Farmer picks fine instead of tomatoes

Don Nelson -
Safety First
- 30 Aug 2007 ( #325 )
3 min read
Don Nelson is a collision investigator for Ground Force Training Inc, of Hamilton, Ontario, Canada. Email or visit
Ongoing initiatives imposed by Ontario's Ministry of Labour include the assurance of a safer workplace - even when that workplace happens to be a local farm. Not a forklift incident, no; but rest assured, there are forklifts or reasonable facsimiles hard at work on almost any farm and the rules and procedures will apply.

I had to share this report from the ministry's website as a stark reminder that unless all "reasonable" precautions have been taken to avoid workplace accidents and/or injuries, someone WILL pay.

The ministry website includes the following report:
"A Leamington farmer was fined $5,000 today for a violation of the Occupational Health and Safety Act (OHSA) that resulted in an ankle injury to a young employee.
On September 22, 2006, a worker was standing on a tyre of a 'tomato harvester' (a large petrol-powered vehicle with platforms on each side where workers stand as they harvest tomatoes) when the harvester began reversing.
The worker's legs became caught between the tyre and a metal plate resulting in a broken left ankle. Just prior to the incident, the worker had been helping to pick tomatoes when a chain that was driving a conveyor became jammed. Tomatoes are pulled onto the conveyor which runs through the harvester. The incident occurred at a field at 131 County Road 8 in Leamington.
A Ministry of Labour investigation found the worker had climbed onto the tyre to help search for the source of the conveyor jam. When the problem was not located, M. Douglas Stockwell, who owned the harvester, advised he was going to reverse the harvester for a short distance. Stockwell thought the worker on the tyre had heard him, but the worker had not and continued to stand on the tyre. The ministry found that no formal procedures were in place for the cleaning, maintenance and operation of the harvester and that Stockwell did not ensure the worker was in a safe position before moving the harvester.
M. Douglas Stockwell pleaded guilty, as an employer, to failing to develop and implement a procedure for cleaning, maintaining and operating the tomato harvester and failing to ensure the tomato harvester was not moved until all workers were in a safe position. This was contrary to Section 25(2)(h) of the OHSA. (From June 30, 2006, OHSA coverage was extended to farming operations for the first time).
The fine was imposed by Justice of the Peace Holly Debacker of the Ontario Court of Justice in Leamington. In addition, the court imposed a 25% victim fine surcharge, as required by the Provincial Offences Act.
The surcharge is credited to a special provincial government fund to assist victims of crime."

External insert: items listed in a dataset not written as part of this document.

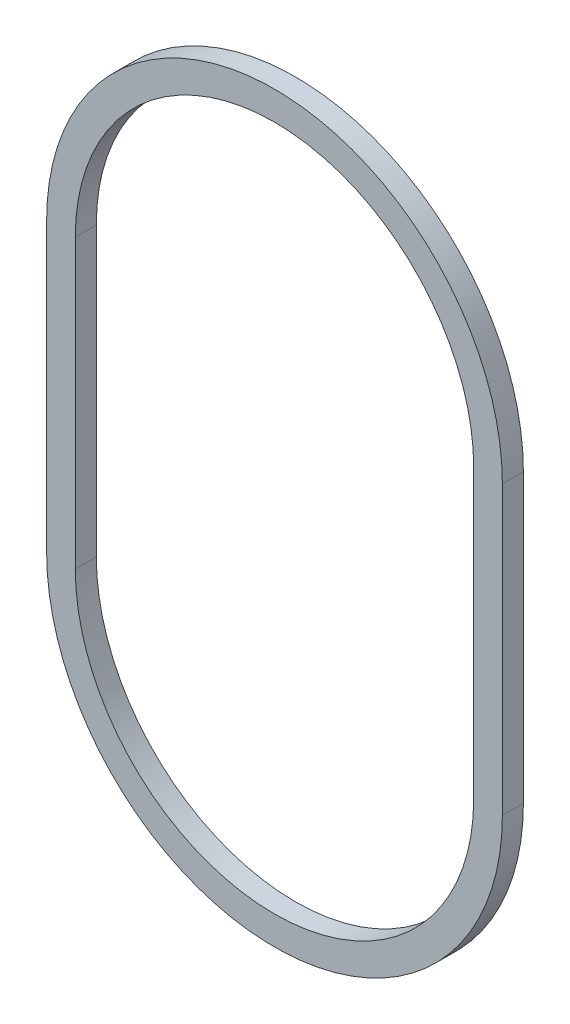
SolidWorks part; units mm, degrees
ref_plane "Front Plane" through (0, 0, 0) normal (0, 0, 1) x (1, 0, 0)
ref_plane "Top Plane" through (0, 0, 0) normal (0, 1, 0) x (1, 0, 0)
ref_plane "Right Plane" through (0, 0, 0) normal (1, 0, 0) x (0, 0, -1)
sketch "Sketch1" plane through (0, 0, 0) normal (0, 0, 1) x (1, 0, 0)
  line L0 (0, 0) -> (0, 8.81) construction
  line L1 (23.85, 0) -> (73.5278, 0) construction
  line L2 (-23.85, 15.04) -> (-23.85, -15.04)
  line L3 (23.85, 15.04) -> (23.85, -15.04)
  line L4 (0, 38.89) -> (0, 64.6364) construction
  line L5 (-20.85, 15.04) -> (-20.85, -15.04)
  line L6 (20.85, 15.04) -> (20.85, -15.04)
  arc A0 (23.85, 15.04) -> (-23.85, 15.04) centre (0, 15.04) ccw
  arc A1 (23.85, -15.04) -> (-23.85, -15.04) centre (0, -15.04) cw
  arc A2 (20.85, 15.04) -> (-20.85, 15.04) centre (0, 15.04) ccw
  arc A3 (20.85, -15.04) -> (-20.85, -15.04) centre (0, -15.04) cw
  dimension "D1" = 47.7
  dimension "D2" = 15.04
  dimension "D3" = 3
extrude "Boss-Extrude1" add sketch "Sketch1" along normal blind 2.2

It is important to note that a workplace accident or injury does not have to occur in order for the MOL to impose fines for violations. A routine MOL audit may still result in discovered violations of the OHSA. Every company in Ontario is subject to this legislation, and must be able to prove that an appropriate "Due Diligence" process has been undertaken to protect employees from workplace injuries; primarily employee training, and the proper documentation thereof.